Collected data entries
*****

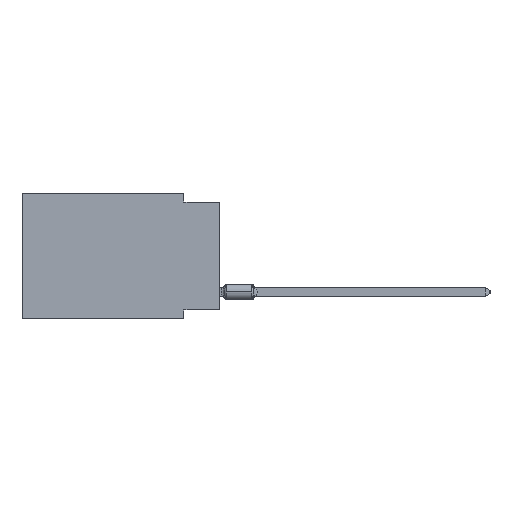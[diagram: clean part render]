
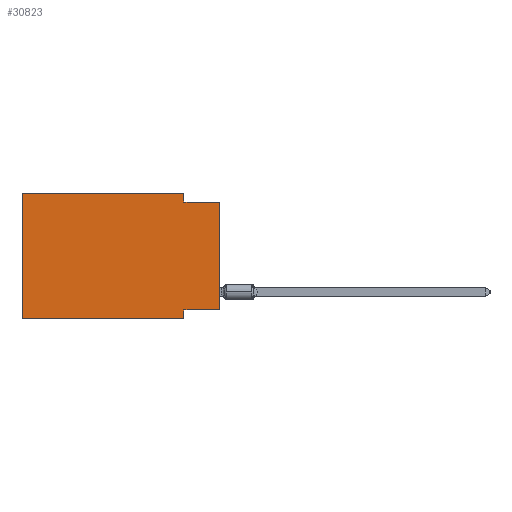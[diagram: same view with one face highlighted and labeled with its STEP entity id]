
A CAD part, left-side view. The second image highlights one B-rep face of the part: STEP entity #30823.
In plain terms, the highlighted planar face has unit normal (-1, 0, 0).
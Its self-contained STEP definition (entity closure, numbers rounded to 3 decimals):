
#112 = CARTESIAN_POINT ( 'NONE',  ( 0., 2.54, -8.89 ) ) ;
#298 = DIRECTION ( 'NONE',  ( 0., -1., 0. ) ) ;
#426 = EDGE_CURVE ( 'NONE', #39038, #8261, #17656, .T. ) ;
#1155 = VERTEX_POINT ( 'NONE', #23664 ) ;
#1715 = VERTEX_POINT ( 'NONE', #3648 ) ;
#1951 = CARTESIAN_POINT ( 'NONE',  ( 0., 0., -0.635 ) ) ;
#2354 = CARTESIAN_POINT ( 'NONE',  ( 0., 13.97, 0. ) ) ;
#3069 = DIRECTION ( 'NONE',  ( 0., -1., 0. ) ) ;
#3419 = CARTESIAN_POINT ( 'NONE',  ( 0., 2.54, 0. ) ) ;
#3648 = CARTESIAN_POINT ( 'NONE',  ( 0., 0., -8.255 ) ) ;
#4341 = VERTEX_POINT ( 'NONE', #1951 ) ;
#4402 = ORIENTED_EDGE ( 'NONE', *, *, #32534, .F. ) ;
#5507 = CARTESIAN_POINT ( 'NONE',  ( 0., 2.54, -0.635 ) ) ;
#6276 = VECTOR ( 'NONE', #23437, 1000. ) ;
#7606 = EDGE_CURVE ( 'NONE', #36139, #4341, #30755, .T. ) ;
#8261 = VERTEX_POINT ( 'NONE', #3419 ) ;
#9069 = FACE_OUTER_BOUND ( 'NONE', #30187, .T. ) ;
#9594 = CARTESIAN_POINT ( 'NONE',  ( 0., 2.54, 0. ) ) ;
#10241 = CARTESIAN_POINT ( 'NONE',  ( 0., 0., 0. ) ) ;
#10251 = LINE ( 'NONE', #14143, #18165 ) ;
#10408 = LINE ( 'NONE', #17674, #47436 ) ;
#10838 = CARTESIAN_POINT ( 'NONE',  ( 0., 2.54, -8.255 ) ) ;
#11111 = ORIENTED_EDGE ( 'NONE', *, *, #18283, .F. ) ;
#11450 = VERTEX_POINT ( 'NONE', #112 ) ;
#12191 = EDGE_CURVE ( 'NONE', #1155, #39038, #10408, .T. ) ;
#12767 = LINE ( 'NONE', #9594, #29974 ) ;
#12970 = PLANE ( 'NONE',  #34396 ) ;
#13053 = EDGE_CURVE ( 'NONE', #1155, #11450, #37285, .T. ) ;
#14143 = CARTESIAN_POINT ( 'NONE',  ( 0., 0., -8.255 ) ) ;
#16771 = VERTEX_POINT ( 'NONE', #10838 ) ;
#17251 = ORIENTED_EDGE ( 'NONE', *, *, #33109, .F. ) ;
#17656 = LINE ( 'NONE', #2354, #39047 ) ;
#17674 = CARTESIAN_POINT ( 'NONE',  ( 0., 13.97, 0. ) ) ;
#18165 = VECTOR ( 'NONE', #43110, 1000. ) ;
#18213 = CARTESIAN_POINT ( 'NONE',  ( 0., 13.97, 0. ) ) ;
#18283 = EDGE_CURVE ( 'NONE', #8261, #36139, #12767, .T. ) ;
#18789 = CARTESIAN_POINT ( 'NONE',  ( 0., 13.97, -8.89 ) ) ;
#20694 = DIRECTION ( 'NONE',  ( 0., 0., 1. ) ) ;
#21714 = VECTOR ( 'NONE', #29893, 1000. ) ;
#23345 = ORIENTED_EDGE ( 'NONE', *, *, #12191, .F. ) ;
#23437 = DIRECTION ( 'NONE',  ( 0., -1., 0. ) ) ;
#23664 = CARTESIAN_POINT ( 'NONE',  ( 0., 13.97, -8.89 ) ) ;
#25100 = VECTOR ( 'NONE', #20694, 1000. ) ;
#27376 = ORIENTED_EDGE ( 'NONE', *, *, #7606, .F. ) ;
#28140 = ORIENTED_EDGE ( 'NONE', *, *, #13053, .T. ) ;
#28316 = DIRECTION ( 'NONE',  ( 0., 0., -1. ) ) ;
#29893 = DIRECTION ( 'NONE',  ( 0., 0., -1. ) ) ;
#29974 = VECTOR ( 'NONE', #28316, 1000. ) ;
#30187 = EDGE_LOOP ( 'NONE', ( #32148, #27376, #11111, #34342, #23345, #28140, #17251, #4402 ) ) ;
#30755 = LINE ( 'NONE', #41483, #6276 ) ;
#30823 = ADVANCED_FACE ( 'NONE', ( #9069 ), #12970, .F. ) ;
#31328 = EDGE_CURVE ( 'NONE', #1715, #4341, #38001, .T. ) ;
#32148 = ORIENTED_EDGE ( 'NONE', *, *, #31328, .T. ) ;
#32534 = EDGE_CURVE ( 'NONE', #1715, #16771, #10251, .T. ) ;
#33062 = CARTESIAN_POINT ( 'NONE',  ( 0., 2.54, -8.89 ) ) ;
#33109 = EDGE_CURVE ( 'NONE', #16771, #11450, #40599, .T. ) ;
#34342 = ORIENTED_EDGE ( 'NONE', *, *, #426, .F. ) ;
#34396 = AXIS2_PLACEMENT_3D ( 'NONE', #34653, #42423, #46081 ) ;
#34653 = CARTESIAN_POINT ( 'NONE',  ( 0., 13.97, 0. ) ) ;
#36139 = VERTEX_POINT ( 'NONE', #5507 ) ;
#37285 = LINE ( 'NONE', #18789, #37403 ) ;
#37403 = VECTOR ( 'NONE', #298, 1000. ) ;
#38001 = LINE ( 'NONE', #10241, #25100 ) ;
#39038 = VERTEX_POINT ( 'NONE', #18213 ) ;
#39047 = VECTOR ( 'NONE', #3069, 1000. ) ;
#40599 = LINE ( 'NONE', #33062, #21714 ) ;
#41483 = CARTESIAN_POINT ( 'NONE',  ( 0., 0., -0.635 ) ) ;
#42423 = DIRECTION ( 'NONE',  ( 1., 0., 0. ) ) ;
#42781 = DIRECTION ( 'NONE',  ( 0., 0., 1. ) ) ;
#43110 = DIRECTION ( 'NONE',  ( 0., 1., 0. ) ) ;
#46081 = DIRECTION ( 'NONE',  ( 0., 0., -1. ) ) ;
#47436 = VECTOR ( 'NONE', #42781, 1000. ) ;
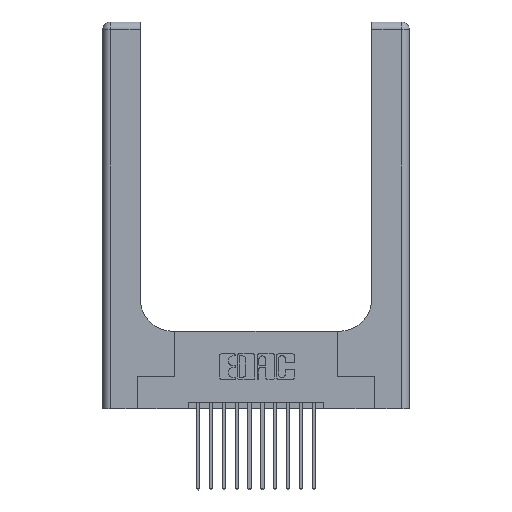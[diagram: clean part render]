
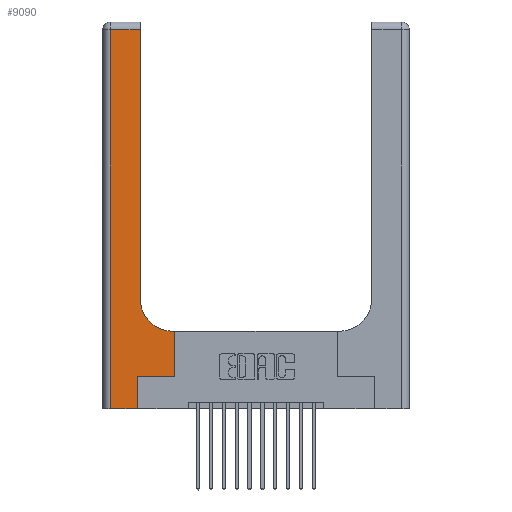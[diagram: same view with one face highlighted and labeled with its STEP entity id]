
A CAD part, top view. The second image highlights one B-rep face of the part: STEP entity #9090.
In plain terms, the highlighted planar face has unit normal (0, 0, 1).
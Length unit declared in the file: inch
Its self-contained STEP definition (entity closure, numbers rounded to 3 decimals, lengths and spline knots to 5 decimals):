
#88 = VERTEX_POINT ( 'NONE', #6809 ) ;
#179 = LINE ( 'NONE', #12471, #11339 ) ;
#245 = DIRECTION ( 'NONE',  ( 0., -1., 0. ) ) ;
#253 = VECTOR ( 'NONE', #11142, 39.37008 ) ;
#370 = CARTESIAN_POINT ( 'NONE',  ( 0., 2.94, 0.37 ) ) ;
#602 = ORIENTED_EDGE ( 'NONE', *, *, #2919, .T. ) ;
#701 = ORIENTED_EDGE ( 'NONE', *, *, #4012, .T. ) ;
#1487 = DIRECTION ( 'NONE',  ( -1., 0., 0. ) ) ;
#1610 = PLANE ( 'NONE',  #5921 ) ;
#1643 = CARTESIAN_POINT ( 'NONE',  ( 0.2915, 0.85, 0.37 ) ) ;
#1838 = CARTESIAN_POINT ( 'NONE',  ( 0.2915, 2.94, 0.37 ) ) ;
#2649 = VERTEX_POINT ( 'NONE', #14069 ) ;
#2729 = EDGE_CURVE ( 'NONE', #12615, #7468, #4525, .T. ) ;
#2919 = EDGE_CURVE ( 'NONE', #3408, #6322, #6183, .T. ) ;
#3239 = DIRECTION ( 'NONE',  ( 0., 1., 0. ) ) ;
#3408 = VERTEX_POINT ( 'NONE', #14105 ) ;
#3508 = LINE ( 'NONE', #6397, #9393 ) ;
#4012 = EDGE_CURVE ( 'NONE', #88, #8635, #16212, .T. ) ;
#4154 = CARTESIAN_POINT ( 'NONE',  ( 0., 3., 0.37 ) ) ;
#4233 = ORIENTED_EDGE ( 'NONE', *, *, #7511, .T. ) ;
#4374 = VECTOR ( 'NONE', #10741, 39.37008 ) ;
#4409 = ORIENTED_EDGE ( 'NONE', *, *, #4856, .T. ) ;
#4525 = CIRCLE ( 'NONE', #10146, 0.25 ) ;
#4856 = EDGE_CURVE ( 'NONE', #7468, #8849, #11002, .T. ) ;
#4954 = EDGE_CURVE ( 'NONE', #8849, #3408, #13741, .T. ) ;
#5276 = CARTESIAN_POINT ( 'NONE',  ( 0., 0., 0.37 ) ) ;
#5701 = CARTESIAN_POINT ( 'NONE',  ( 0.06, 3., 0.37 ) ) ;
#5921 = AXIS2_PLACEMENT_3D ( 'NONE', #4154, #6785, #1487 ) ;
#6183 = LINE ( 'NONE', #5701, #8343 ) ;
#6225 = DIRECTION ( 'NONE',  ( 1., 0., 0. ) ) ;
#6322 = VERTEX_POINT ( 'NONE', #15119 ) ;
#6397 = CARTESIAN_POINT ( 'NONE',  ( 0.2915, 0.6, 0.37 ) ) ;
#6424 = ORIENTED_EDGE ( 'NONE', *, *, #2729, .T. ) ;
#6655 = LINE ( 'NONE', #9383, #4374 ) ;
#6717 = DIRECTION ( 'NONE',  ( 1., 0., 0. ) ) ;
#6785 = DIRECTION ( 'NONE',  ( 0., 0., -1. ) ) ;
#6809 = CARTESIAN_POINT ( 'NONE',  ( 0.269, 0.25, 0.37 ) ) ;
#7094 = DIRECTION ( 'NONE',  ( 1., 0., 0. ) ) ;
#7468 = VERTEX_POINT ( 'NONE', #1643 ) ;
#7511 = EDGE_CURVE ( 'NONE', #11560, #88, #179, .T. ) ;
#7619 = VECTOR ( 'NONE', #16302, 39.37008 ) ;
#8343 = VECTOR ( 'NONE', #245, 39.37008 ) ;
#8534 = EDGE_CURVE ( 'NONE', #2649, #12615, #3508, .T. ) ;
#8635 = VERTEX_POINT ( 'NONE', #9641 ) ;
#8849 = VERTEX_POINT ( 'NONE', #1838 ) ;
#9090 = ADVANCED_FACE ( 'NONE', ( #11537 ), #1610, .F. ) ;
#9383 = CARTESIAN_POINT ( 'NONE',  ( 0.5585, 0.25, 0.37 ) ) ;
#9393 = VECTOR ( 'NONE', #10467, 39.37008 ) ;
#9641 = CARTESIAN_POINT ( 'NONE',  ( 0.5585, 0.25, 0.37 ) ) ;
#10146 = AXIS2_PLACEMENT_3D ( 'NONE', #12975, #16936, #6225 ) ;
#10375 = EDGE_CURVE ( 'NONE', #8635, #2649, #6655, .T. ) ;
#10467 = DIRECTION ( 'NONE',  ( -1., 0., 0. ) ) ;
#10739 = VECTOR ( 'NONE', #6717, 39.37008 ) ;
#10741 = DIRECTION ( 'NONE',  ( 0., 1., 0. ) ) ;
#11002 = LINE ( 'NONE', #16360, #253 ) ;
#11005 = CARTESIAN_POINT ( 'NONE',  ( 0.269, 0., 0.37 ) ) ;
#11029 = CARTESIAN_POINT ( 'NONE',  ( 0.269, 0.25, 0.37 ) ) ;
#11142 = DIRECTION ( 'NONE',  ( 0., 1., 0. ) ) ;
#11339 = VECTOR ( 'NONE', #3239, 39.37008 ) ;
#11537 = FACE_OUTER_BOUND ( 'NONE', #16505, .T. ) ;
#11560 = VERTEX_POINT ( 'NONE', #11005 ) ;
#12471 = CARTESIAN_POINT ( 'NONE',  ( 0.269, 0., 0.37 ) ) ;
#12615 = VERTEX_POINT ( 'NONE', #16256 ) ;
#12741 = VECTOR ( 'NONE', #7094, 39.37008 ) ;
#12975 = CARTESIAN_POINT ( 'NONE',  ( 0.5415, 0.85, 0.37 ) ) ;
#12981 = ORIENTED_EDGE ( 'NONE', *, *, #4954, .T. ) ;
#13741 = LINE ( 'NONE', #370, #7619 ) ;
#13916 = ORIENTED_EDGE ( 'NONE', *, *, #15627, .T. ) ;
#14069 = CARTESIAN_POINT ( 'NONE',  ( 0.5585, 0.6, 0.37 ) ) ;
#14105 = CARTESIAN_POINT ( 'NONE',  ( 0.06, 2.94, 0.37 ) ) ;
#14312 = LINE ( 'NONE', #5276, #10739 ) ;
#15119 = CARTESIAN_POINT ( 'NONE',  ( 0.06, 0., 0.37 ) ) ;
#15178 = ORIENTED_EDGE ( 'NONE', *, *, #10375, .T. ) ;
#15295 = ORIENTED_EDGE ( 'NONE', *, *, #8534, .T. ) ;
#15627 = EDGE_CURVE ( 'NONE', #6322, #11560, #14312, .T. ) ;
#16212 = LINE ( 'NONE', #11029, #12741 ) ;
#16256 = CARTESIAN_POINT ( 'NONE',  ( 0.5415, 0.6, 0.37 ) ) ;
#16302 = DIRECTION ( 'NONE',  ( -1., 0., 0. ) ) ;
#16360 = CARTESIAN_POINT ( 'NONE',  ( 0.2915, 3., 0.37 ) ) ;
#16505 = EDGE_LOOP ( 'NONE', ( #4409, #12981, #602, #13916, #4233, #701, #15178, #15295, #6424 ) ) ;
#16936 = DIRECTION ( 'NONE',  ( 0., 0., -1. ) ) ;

*****

## EXERCISE REQUIREMENTS
Please write out, exactly as they appear above, only the lines in the stretch from the line with "#15178 = ORIENTED_EDGE" through the line with "#16256 = CARTESIAN_POINT".

## TASK RESULT
#15178 = ORIENTED_EDGE ( 'NONE', *, *, #10375, .T. ) ;
#15295 = ORIENTED_EDGE ( 'NONE', *, *, #8534, .T. ) ;
#15627 = EDGE_CURVE ( 'NONE', #6322, #11560, #14312, .T. ) ;
#16212 = LINE ( 'NONE', #11029, #12741 ) ;
#16256 = CARTESIAN_POINT ( 'NONE',  ( 0.5415, 0.6, 0.37 ) ) ;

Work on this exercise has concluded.